America needs a patriotic, broad-based and politically independent opposition to war.
In his first year President Obama broke several war-making records of President George W. Bush. He passed the largest military budget in US history, the largest one-year war supplementals and fired the most drone attacks on the most countries. He began 2010 asking for another $30 billion war supplemental and with the White House indicating that the next military budget will be $708 billion, breaking Obama’s previous record.
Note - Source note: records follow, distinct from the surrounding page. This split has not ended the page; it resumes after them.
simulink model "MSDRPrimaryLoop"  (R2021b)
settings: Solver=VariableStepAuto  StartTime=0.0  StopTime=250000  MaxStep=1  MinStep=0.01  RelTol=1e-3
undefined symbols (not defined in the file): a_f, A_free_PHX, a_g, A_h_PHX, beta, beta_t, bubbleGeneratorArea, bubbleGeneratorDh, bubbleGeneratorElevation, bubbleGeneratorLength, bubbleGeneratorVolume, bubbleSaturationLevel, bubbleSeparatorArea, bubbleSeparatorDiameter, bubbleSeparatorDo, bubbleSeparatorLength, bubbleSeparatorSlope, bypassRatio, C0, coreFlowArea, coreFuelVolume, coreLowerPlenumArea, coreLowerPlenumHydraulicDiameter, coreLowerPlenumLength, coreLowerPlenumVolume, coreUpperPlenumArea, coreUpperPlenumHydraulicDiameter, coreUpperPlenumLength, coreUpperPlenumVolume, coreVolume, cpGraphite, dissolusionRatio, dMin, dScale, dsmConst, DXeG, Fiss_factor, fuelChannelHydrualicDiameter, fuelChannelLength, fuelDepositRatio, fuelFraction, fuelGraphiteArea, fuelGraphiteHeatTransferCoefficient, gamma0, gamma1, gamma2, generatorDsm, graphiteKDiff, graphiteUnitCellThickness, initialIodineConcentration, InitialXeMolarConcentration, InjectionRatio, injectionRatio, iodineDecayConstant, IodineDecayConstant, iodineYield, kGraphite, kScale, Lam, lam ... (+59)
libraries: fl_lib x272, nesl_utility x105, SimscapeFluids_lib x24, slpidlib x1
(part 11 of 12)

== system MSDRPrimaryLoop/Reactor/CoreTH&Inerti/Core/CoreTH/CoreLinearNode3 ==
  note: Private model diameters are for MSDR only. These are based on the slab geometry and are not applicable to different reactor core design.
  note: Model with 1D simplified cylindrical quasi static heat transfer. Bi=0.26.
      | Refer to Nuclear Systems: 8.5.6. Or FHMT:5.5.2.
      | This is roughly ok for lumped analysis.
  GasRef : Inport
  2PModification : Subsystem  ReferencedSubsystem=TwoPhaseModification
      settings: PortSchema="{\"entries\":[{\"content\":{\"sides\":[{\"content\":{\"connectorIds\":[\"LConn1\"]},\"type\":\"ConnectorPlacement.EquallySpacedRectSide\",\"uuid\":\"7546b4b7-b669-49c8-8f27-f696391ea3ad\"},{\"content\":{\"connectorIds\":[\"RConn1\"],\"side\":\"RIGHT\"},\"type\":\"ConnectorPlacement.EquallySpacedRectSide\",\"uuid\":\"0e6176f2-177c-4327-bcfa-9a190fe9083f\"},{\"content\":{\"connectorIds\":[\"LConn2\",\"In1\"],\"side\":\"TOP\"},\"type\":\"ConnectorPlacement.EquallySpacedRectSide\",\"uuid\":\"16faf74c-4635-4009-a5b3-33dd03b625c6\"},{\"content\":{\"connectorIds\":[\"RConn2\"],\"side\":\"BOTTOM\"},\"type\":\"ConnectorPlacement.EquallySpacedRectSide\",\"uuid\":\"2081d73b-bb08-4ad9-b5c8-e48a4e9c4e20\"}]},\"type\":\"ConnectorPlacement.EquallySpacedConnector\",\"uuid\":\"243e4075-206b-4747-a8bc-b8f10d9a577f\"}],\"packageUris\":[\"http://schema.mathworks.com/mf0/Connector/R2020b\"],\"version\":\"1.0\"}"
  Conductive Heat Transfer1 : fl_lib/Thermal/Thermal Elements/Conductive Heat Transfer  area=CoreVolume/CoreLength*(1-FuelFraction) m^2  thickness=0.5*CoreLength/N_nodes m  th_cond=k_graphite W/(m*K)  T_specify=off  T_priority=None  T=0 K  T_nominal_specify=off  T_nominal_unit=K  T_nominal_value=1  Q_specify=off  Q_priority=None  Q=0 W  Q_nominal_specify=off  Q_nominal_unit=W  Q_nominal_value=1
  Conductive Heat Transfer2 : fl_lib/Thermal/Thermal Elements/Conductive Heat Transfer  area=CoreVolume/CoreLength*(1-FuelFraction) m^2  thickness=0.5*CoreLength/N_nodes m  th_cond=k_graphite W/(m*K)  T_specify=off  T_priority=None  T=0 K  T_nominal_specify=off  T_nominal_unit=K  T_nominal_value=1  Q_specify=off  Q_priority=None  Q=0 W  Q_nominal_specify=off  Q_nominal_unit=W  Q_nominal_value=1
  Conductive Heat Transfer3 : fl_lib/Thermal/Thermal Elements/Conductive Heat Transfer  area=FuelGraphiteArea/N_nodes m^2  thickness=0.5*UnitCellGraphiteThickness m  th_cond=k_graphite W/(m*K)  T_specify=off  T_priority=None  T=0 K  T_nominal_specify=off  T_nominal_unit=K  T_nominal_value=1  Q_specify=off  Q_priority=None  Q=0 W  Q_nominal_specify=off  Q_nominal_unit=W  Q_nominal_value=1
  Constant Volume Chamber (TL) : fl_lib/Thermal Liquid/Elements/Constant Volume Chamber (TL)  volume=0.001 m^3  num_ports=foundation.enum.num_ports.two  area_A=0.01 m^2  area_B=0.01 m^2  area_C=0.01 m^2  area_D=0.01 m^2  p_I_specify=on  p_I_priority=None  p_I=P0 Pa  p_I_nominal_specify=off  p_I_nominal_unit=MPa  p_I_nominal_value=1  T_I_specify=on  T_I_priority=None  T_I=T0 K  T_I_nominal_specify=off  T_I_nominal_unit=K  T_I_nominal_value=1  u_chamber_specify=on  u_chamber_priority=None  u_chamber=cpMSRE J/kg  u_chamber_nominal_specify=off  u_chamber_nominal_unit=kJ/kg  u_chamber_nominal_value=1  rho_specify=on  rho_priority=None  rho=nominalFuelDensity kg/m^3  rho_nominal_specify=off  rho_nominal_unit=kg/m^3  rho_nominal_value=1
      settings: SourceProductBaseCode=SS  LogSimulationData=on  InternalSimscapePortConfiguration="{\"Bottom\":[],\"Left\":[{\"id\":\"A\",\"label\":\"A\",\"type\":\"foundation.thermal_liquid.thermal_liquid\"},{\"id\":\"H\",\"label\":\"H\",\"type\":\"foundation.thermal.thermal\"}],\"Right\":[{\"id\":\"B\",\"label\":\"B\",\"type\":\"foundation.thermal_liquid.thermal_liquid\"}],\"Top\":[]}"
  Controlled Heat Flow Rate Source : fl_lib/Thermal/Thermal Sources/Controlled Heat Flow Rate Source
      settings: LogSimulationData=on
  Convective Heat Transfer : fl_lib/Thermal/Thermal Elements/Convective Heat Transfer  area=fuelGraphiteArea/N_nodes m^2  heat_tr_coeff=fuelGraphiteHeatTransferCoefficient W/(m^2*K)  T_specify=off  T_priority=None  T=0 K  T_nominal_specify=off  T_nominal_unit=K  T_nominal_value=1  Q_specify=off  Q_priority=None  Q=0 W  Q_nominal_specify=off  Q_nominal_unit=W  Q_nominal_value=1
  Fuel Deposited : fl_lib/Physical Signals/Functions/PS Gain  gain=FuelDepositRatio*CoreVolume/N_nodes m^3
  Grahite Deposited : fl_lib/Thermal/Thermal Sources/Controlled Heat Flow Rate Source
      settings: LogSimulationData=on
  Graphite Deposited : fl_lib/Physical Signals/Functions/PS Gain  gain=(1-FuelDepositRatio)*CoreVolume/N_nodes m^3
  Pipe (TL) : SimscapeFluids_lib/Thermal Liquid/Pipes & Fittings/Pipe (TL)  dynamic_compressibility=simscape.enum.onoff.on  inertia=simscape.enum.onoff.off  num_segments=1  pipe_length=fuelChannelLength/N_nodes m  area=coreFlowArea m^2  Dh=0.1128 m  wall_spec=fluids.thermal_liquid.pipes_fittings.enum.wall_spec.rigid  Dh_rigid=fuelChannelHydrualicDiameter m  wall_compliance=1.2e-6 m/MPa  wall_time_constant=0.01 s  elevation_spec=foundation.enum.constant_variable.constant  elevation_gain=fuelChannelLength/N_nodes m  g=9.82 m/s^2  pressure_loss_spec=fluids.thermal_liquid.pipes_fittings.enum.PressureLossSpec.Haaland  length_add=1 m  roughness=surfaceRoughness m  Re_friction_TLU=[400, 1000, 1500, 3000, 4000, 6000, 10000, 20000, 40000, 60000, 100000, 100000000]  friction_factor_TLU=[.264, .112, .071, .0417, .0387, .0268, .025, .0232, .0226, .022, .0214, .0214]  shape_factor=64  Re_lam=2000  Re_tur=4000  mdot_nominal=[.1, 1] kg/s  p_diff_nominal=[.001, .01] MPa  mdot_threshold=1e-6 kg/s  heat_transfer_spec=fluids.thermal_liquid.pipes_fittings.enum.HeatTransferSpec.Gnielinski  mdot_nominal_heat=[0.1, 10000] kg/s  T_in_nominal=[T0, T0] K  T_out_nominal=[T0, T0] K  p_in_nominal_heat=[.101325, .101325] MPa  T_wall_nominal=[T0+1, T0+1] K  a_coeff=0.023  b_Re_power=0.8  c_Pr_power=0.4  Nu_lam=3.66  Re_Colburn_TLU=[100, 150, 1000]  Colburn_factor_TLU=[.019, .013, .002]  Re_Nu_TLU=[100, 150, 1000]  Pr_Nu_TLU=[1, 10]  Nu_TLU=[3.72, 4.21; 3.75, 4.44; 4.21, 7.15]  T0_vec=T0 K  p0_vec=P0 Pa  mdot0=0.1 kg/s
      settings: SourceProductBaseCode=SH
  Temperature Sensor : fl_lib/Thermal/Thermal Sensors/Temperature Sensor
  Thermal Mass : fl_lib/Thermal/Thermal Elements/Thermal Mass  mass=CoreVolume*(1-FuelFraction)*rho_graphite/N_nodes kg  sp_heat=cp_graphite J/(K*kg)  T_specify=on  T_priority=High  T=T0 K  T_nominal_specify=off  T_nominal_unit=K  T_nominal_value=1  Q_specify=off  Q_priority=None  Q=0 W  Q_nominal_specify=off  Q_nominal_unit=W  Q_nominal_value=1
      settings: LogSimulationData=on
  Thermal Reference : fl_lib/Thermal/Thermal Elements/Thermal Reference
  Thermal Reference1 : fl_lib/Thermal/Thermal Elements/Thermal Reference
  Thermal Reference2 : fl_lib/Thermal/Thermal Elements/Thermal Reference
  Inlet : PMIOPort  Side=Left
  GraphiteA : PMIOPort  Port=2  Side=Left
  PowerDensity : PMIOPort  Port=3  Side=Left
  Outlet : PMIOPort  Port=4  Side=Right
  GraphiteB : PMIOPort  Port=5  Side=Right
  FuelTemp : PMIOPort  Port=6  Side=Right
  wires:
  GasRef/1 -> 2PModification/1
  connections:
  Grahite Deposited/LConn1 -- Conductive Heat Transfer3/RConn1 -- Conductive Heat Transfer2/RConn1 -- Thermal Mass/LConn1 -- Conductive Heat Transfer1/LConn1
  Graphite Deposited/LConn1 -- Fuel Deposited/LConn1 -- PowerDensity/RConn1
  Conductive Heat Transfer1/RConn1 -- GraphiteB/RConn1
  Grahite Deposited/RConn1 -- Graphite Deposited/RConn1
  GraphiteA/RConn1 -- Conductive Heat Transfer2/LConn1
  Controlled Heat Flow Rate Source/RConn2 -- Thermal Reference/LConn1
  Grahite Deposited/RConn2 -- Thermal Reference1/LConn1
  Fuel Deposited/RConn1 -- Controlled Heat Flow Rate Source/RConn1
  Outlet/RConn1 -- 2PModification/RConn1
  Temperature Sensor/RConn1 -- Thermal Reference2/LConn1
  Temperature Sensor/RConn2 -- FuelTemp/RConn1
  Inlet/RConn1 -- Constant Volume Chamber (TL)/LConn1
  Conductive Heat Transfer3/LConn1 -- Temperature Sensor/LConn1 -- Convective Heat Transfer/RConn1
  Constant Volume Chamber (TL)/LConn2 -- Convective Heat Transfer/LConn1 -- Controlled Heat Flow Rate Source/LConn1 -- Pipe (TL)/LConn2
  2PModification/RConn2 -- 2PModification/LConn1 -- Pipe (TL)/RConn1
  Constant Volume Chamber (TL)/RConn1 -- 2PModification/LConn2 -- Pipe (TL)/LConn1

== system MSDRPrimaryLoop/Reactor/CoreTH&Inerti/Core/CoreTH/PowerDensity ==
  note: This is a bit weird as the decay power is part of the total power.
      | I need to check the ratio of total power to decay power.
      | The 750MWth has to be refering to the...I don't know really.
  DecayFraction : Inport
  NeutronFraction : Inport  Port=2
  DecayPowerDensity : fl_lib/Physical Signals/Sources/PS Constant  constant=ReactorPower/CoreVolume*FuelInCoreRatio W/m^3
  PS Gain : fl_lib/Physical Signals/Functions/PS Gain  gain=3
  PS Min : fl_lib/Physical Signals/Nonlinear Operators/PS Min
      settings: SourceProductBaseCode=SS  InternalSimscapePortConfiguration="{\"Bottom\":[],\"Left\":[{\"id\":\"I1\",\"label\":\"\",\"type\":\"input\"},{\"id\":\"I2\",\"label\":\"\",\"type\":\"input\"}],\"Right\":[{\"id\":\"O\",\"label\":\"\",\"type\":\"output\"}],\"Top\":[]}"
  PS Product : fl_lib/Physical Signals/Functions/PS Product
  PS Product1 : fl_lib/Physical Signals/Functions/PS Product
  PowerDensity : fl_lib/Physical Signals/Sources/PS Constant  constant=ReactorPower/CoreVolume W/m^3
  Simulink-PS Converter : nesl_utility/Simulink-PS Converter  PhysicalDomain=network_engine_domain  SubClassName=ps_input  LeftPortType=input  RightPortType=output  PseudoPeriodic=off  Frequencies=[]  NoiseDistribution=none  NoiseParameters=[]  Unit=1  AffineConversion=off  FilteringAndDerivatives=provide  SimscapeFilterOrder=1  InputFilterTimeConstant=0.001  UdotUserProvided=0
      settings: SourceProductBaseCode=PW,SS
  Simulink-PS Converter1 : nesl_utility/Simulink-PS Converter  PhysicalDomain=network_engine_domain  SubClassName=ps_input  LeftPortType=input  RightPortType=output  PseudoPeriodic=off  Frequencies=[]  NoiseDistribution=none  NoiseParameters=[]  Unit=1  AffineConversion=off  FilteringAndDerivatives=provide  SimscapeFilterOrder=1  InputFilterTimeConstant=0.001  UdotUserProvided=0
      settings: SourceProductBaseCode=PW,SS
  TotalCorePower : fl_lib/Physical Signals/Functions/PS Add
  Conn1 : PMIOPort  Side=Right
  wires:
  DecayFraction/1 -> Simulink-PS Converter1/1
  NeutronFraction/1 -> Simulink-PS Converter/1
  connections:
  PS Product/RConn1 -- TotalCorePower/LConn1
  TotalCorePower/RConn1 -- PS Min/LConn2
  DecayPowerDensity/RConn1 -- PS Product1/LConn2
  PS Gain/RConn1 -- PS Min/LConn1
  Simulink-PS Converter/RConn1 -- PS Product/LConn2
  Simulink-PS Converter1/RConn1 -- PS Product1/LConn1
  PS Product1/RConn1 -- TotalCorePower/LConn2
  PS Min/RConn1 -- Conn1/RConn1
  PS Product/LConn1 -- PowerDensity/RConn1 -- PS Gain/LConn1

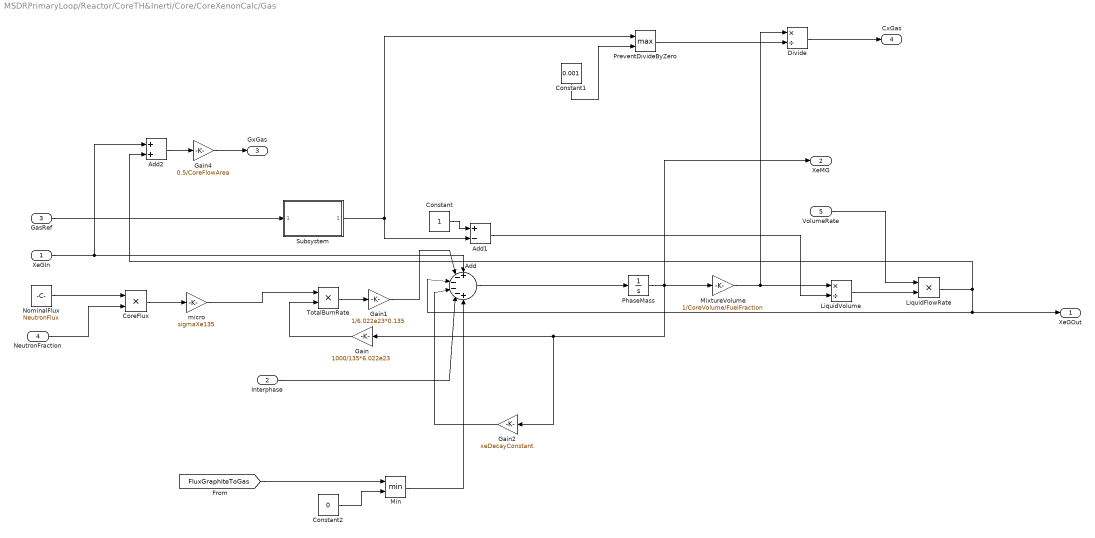
== system MSDRPrimaryLoop/Reactor/CoreTH&Inerti/Core/CoreXenonCalc/Gas ==
  XeGIn : Inport
  Interphase : Inport  Port=2
  GasRef : Inport  Port=3
  NeutronFraction : Inport  Port=4
  VolumeRate : Inport  Port=5
  Add : Sum  Inputs=+----+
  Add1 : Sum  Inputs=+-
  Add2 : Sum
  Constant : Constant
  Constant1 : Constant  Value=0.001
  Constant2 : Constant  Value=0
  CoreFlux : Product
  Divide : Product  Inputs=*/
  Gain : Gain  Gain=1000/135*6.022e23
  Gain1 : Gain  Gain=1/6.022e23*0.135
  Gain2 : Gain  Gain=xeDecayConstant
  Gain4 : Gain  Gain=0.5/CoreFlowArea
  LiquidFlowRate : Product
  LiquidVolume : Product  Inputs=*/
  Min : MinMax  Inputs=2
  MixtureVolume : Gain  Gain=1/CoreVolume/FuelFraction
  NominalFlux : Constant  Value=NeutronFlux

While some commentators on MSNBC hailed Obama as the peace candidate, he has done more for war in a shorter time than many other commanders in chief. US attacks on other countries are not challenged in any serious way even if they result in consistent loss of innocent civilian life. It is not healthy for American democracy to allow unquestioned militarism and put war budgets on a path of automatic growth despite the US spending as much as the rest of the world combined on weapons and war.
Antiwar opposition has failed and needs to begin anew. The peace movement, which atrophied during the election year, now must remake itself.
What would successful antiwar peace advocacy look like?
The vast majority of Americans widely opposes war and wants the US to focus its resources at home. Their initial reaction to wars and escalations, before the corporate media spin propagandizes them in a different direction, is to oppose war. But these views are not reflected in the body politic and certainly not in the DC discourse on war. Rather than antiwar opposition being broad based, it has been narrow. It is a leftish movement that does not include Middle America or conservatives who also see the tremendous waste of the bloated military budget and the militarism of US foreign policy.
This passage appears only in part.